**Description of the task**
State how many lines of the entries hold the string "VECTOR", and output nothing but that count.

**Records supplied**
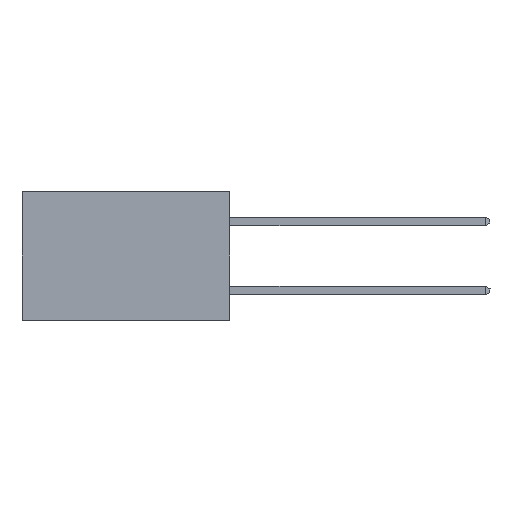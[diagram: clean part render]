
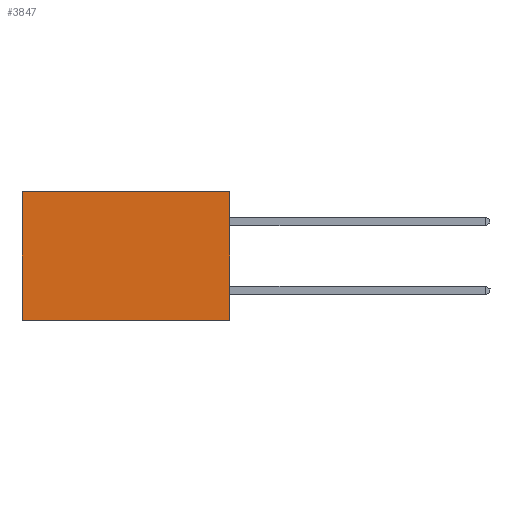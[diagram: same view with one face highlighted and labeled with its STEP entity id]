
A CAD part, left-side view. The second image highlights one B-rep face of the part: STEP entity #3847.
In plain terms, the highlighted planar face has unit normal (-1, 0, 0).
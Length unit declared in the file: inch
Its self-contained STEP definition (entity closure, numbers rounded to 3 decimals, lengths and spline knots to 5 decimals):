
#710 = AXIS2_PLACEMENT_3D ( 'NONE', #8389, #9345, #1813 ) ;
#880 = VERTEX_POINT ( 'NONE', #4859 ) ;
#1639 = VECTOR ( 'NONE', #13698, 39.37008 ) ;
#1684 = CARTESIAN_POINT ( 'NONE',  ( 0.298, 0.6, 0. ) ) ;
#1813 = DIRECTION ( 'NONE',  ( 0., 0., -1. ) ) ;
#2593 = EDGE_LOOP ( 'NONE', ( #8578, #13790, #8536, #4627 ) ) ;
#3038 = CARTESIAN_POINT ( 'NONE',  ( 0.298, 0., 0. ) ) ;
#3567 = EDGE_CURVE ( 'NONE', #5277, #880, #4736, .T. ) ;
#3847 = ADVANCED_FACE ( 'NONE', ( #14018 ), #3948, .F. ) ;
#3948 = PLANE ( 'NONE',  #710 ) ;
#4102 = EDGE_CURVE ( 'NONE', #11976, #5277, #11487, .T. ) ;
#4627 = ORIENTED_EDGE ( 'NONE', *, *, #4102, .T. ) ;
#4736 = LINE ( 'NONE', #1684, #1639 ) ;
#4859 = CARTESIAN_POINT ( 'NONE',  ( 0.298, 0.6, -0.37 ) ) ;
#5093 = VECTOR ( 'NONE', #10331, 39.37008 ) ;
#5277 = VERTEX_POINT ( 'NONE', #11165 ) ;
#5279 = EDGE_CURVE ( 'NONE', #11976, #13432, #9463, .T. ) ;
#6601 = LINE ( 'NONE', #7014, #5093 ) ;
#6881 = CARTESIAN_POINT ( 'NONE',  ( 0.298, 0., 0. ) ) ;
#6975 = DIRECTION ( 'NONE',  ( 0., 0., -1. ) ) ;
#7014 = CARTESIAN_POINT ( 'NONE',  ( 0.298, 0., -0.37 ) ) ;
#7370 = CARTESIAN_POINT ( 'NONE',  ( 0.298, 0., -0.37 ) ) ;
#7746 = VECTOR ( 'NONE', #6975, 39.37008 ) ;
#8389 = CARTESIAN_POINT ( 'NONE',  ( 0.298, 0., 0. ) ) ;
#8536 = ORIENTED_EDGE ( 'NONE', *, *, #5279, .F. ) ;
#8578 = ORIENTED_EDGE ( 'NONE', *, *, #3567, .T. ) ;
#8640 = VECTOR ( 'NONE', #9810, 39.37008 ) ;
#8771 = CARTESIAN_POINT ( 'NONE',  ( 0.298, 0., 0. ) ) ;
#9345 = DIRECTION ( 'NONE',  ( 1., 0., 0. ) ) ;
#9463 = LINE ( 'NONE', #6881, #7746 ) ;
#9810 = DIRECTION ( 'NONE',  ( 0., 1., 0. ) ) ;
#10331 = DIRECTION ( 'NONE',  ( 0., 1., 0. ) ) ;
#11165 = CARTESIAN_POINT ( 'NONE',  ( 0.298, 0.6, 0. ) ) ;
#11487 = LINE ( 'NONE', #8771, #8640 ) ;
#11976 = VERTEX_POINT ( 'NONE', #3038 ) ;
#12839 = EDGE_CURVE ( 'NONE', #13432, #880, #6601, .T. ) ;
#13432 = VERTEX_POINT ( 'NONE', #7370 ) ;
#13698 = DIRECTION ( 'NONE',  ( 0., 0., -1. ) ) ;
#13790 = ORIENTED_EDGE ( 'NONE', *, *, #12839, .F. ) ;
#14018 = FACE_OUTER_BOUND ( 'NONE', #2593, .T. ) ;

**Solved exercise**
4